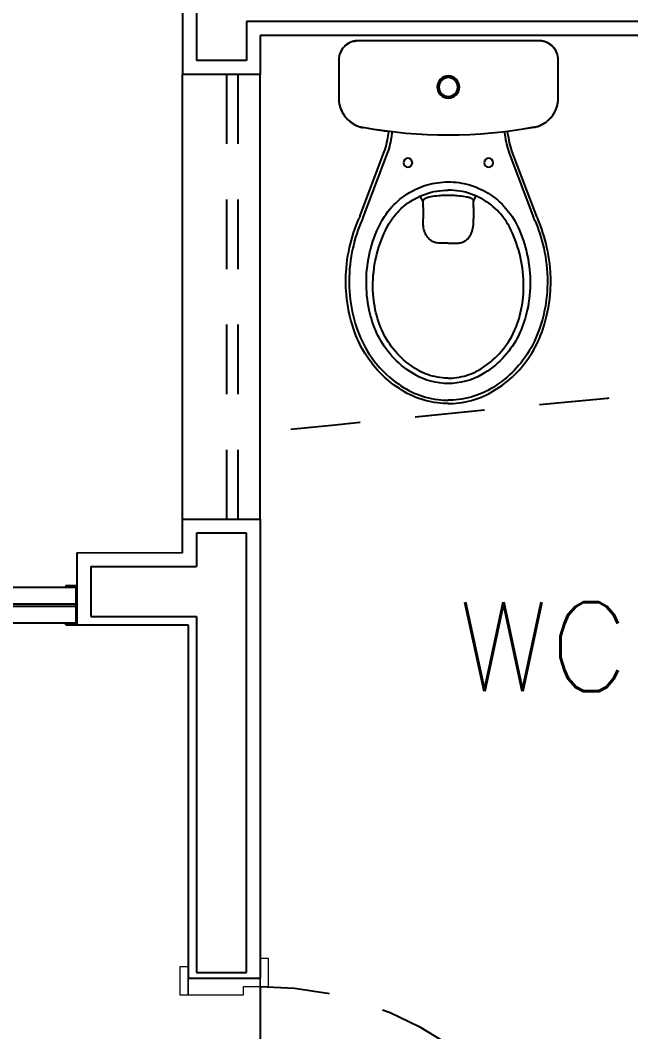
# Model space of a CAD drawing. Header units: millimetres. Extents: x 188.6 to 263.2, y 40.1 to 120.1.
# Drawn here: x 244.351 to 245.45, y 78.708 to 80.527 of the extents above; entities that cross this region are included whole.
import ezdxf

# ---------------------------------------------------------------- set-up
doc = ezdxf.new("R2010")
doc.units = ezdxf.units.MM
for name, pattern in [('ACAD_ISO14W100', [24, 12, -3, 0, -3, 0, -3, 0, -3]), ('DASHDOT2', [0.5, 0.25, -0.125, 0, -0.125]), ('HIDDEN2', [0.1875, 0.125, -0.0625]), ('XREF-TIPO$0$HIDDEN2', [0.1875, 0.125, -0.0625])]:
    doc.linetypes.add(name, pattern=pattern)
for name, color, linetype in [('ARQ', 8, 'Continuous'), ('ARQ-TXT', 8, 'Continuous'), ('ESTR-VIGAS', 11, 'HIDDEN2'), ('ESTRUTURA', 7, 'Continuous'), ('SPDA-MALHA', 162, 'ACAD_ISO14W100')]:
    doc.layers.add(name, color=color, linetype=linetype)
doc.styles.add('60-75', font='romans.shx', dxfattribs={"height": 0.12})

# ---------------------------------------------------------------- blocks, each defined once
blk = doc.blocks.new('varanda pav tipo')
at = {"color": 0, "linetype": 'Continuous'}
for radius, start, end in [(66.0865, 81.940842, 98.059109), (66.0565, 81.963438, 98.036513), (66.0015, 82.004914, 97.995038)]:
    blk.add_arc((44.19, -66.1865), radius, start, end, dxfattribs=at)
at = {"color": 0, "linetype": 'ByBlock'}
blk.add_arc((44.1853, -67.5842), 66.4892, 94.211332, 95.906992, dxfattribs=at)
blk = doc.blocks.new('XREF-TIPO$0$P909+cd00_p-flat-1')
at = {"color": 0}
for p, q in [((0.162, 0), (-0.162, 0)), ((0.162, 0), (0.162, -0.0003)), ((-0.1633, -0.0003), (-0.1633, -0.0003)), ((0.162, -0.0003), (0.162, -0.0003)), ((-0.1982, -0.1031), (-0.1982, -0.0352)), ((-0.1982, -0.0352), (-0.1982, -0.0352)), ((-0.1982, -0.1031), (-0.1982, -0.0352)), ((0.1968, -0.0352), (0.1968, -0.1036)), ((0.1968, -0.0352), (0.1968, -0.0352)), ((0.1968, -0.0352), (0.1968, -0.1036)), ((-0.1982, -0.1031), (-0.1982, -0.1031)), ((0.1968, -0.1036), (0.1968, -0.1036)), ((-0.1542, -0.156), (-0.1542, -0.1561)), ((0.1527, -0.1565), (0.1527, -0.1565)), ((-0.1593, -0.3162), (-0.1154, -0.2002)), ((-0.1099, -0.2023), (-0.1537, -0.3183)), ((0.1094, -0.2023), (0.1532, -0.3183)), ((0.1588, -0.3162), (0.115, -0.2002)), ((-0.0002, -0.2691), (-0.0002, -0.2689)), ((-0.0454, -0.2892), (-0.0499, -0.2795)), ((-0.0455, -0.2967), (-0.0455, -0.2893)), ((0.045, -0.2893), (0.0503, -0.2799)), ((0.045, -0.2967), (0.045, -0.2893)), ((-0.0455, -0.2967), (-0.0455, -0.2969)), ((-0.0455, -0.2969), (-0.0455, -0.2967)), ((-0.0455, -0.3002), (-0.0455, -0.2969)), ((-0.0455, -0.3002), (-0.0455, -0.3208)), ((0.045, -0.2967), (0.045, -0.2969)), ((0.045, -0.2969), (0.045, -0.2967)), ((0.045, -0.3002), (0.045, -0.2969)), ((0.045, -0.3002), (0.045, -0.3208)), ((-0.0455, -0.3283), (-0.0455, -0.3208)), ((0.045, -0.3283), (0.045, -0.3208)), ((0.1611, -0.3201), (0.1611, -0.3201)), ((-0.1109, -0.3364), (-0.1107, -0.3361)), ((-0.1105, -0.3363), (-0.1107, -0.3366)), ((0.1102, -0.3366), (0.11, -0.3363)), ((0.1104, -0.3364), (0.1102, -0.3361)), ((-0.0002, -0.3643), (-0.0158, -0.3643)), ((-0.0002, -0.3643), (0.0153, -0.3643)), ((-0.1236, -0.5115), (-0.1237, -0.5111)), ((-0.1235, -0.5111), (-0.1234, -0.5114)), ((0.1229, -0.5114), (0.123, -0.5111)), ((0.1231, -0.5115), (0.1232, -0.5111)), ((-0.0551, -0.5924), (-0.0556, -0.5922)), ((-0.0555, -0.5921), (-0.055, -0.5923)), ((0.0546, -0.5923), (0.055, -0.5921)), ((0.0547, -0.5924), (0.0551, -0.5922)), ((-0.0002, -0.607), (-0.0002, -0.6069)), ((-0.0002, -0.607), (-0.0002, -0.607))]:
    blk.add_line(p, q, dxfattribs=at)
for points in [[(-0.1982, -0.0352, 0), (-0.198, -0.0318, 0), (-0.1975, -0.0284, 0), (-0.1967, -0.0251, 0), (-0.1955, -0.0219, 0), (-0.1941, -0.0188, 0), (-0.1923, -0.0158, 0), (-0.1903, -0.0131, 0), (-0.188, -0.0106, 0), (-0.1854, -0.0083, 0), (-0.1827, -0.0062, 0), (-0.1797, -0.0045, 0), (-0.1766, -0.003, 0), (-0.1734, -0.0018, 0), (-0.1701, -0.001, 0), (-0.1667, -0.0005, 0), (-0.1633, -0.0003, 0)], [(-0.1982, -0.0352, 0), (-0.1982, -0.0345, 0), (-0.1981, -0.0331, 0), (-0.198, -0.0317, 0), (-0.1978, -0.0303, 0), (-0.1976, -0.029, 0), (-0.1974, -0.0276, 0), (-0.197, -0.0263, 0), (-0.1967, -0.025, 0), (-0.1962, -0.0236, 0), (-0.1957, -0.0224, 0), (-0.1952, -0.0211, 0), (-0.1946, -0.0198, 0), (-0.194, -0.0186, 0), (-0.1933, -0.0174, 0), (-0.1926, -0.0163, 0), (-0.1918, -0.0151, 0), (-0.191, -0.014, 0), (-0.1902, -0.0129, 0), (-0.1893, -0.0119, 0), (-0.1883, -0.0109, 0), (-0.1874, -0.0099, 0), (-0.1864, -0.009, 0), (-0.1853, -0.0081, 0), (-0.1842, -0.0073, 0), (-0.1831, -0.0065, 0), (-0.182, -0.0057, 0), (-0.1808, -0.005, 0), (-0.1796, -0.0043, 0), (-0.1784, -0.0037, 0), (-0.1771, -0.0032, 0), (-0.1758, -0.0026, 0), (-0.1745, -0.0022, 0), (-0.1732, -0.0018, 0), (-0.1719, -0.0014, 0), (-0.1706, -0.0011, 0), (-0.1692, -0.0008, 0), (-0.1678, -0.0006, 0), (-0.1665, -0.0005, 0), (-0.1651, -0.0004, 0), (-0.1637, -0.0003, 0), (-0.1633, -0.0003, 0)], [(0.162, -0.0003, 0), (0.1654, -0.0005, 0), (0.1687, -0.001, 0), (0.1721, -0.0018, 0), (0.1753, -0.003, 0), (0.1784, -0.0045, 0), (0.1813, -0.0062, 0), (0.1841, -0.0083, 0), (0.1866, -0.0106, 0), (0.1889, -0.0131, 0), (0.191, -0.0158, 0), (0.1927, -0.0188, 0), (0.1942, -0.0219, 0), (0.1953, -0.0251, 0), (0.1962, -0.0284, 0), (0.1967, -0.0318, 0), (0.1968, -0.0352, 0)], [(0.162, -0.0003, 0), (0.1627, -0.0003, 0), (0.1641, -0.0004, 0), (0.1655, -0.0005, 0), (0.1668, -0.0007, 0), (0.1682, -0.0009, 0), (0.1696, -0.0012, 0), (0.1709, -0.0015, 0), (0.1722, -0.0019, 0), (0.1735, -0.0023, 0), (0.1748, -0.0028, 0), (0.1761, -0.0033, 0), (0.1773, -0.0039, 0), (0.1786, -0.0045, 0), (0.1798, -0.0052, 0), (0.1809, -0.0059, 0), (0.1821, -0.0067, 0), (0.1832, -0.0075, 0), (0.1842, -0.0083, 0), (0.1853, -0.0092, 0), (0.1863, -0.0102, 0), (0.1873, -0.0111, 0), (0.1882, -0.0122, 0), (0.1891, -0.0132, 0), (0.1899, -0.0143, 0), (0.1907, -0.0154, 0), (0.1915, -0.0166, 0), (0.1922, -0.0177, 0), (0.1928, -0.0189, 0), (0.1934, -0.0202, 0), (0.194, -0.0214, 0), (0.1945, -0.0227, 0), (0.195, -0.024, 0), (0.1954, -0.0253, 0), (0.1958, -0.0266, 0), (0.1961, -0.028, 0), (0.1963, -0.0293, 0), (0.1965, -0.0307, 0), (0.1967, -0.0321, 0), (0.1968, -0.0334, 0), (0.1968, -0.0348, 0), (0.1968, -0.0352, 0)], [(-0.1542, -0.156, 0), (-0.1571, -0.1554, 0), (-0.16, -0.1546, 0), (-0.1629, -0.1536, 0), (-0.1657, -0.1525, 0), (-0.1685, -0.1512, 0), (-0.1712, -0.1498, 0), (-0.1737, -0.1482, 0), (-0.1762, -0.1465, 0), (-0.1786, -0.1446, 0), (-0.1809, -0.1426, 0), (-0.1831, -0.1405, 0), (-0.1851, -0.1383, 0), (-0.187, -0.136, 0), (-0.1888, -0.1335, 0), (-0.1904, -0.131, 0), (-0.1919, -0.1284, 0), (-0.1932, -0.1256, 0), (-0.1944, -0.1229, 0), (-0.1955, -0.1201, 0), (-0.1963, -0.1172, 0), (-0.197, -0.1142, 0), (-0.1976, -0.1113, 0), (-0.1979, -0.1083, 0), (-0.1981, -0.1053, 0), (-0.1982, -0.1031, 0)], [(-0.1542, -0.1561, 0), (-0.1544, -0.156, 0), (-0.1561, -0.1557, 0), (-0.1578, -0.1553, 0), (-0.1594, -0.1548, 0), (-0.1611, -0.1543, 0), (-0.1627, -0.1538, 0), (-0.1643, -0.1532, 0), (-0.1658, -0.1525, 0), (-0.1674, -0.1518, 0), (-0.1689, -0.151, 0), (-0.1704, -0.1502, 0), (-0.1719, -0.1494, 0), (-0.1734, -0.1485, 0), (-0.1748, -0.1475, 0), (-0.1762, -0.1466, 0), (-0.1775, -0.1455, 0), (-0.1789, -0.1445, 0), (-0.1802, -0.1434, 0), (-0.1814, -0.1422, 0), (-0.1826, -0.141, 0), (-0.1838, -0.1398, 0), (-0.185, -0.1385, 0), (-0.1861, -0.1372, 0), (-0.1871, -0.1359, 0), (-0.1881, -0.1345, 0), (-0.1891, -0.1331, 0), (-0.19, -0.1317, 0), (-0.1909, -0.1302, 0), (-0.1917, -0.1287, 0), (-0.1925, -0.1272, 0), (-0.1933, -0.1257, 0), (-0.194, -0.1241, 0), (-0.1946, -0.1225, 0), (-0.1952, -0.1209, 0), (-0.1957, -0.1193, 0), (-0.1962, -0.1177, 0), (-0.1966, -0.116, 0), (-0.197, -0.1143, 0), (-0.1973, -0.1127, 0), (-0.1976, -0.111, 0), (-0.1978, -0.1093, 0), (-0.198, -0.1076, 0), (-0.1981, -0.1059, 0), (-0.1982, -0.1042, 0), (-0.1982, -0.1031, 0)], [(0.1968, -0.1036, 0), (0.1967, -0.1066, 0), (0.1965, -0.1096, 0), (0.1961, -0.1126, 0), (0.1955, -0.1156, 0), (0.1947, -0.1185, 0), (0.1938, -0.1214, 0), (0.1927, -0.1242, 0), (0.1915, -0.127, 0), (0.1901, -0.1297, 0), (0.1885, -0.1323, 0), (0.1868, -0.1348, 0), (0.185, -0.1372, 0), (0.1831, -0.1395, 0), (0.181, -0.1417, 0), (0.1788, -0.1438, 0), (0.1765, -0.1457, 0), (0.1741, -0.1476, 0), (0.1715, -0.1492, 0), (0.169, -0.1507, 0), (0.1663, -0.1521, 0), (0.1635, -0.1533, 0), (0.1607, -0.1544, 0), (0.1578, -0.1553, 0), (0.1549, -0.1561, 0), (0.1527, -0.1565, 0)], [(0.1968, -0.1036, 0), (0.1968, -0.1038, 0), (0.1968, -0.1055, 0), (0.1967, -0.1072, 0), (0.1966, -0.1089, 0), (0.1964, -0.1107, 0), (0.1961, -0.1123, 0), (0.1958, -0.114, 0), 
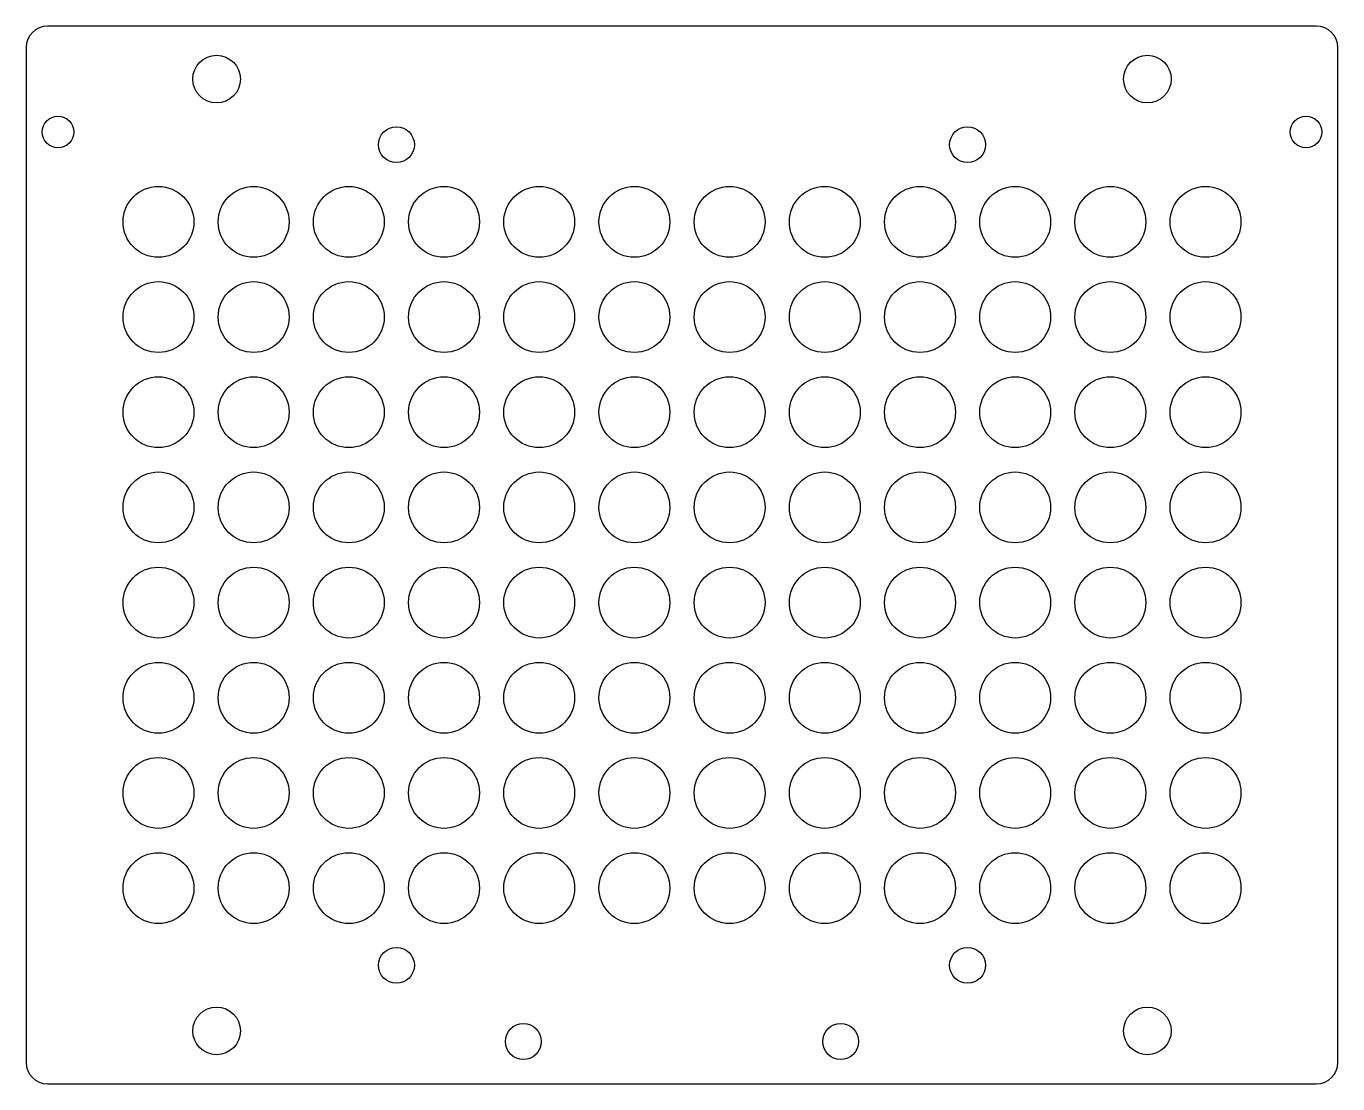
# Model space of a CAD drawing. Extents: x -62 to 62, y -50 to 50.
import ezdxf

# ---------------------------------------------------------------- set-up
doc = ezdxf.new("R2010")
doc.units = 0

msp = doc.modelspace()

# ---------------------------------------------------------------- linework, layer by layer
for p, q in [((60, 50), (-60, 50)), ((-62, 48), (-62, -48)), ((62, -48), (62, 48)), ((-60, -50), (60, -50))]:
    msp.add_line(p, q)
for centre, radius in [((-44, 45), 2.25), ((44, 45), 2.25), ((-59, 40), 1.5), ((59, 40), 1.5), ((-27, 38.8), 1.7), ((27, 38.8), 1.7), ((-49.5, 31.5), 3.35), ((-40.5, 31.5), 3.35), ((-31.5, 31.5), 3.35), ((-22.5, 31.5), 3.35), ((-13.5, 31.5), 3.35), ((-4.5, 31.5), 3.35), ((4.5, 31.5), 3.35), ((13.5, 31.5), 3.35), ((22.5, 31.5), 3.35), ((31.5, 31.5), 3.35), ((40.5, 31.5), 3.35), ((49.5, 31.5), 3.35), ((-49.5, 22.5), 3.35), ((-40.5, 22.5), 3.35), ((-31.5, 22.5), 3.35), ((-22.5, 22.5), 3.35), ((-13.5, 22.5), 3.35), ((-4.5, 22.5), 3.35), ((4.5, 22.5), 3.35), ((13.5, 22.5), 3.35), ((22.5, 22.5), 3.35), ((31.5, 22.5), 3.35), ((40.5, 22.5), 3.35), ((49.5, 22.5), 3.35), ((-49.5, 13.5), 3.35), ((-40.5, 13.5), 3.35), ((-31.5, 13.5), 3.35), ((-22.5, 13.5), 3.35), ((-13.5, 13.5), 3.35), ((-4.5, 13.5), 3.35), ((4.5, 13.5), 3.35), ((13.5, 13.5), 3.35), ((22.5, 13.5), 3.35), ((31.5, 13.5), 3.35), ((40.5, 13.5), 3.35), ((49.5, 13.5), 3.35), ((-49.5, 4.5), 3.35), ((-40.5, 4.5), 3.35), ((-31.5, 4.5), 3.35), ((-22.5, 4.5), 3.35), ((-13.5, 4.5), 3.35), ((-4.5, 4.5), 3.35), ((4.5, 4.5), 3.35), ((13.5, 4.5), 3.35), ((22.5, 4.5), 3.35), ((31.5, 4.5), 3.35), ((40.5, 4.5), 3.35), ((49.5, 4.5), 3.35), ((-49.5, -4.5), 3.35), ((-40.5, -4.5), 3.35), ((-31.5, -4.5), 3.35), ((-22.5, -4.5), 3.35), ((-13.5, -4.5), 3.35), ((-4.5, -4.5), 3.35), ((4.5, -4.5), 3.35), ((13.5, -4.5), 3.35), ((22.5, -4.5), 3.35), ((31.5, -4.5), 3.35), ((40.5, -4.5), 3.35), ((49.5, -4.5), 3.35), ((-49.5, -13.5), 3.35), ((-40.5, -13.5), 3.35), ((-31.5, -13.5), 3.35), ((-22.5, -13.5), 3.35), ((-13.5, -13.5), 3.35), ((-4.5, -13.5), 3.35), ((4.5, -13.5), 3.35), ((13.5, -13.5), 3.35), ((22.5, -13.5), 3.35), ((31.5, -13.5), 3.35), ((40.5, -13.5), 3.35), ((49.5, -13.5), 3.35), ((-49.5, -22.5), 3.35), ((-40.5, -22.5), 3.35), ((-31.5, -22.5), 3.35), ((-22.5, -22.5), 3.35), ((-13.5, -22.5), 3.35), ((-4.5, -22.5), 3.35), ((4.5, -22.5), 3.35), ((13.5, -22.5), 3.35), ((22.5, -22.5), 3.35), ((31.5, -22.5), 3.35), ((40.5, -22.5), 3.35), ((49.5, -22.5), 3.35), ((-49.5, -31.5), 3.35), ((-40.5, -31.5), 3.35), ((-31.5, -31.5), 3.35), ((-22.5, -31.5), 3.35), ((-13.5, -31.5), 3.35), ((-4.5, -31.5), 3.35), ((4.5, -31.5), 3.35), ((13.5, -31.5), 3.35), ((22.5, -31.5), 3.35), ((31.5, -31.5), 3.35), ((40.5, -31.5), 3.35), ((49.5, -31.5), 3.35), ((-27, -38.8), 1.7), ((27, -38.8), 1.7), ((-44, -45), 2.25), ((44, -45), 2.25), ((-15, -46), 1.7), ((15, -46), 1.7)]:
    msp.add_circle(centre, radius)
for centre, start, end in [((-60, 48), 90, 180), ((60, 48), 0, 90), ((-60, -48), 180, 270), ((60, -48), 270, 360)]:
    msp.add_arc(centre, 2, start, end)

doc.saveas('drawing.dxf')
-*-
Required action — Would you please copy exactly the part of the entries above that begins at the line containing "layer by layer" and ends at the line containing "msp.add_line(p, q)", both lines included?

Answer to this task —
# ---------------------------------------------------------------- linework, layer by layer
for p, q in [((60, 50), (-60, 50)), ((-62, 48), (-62, -48)), ((62, -48), (62, 48)), ((-60, -50), (60, -50))]:
    msp.add_line(p, q)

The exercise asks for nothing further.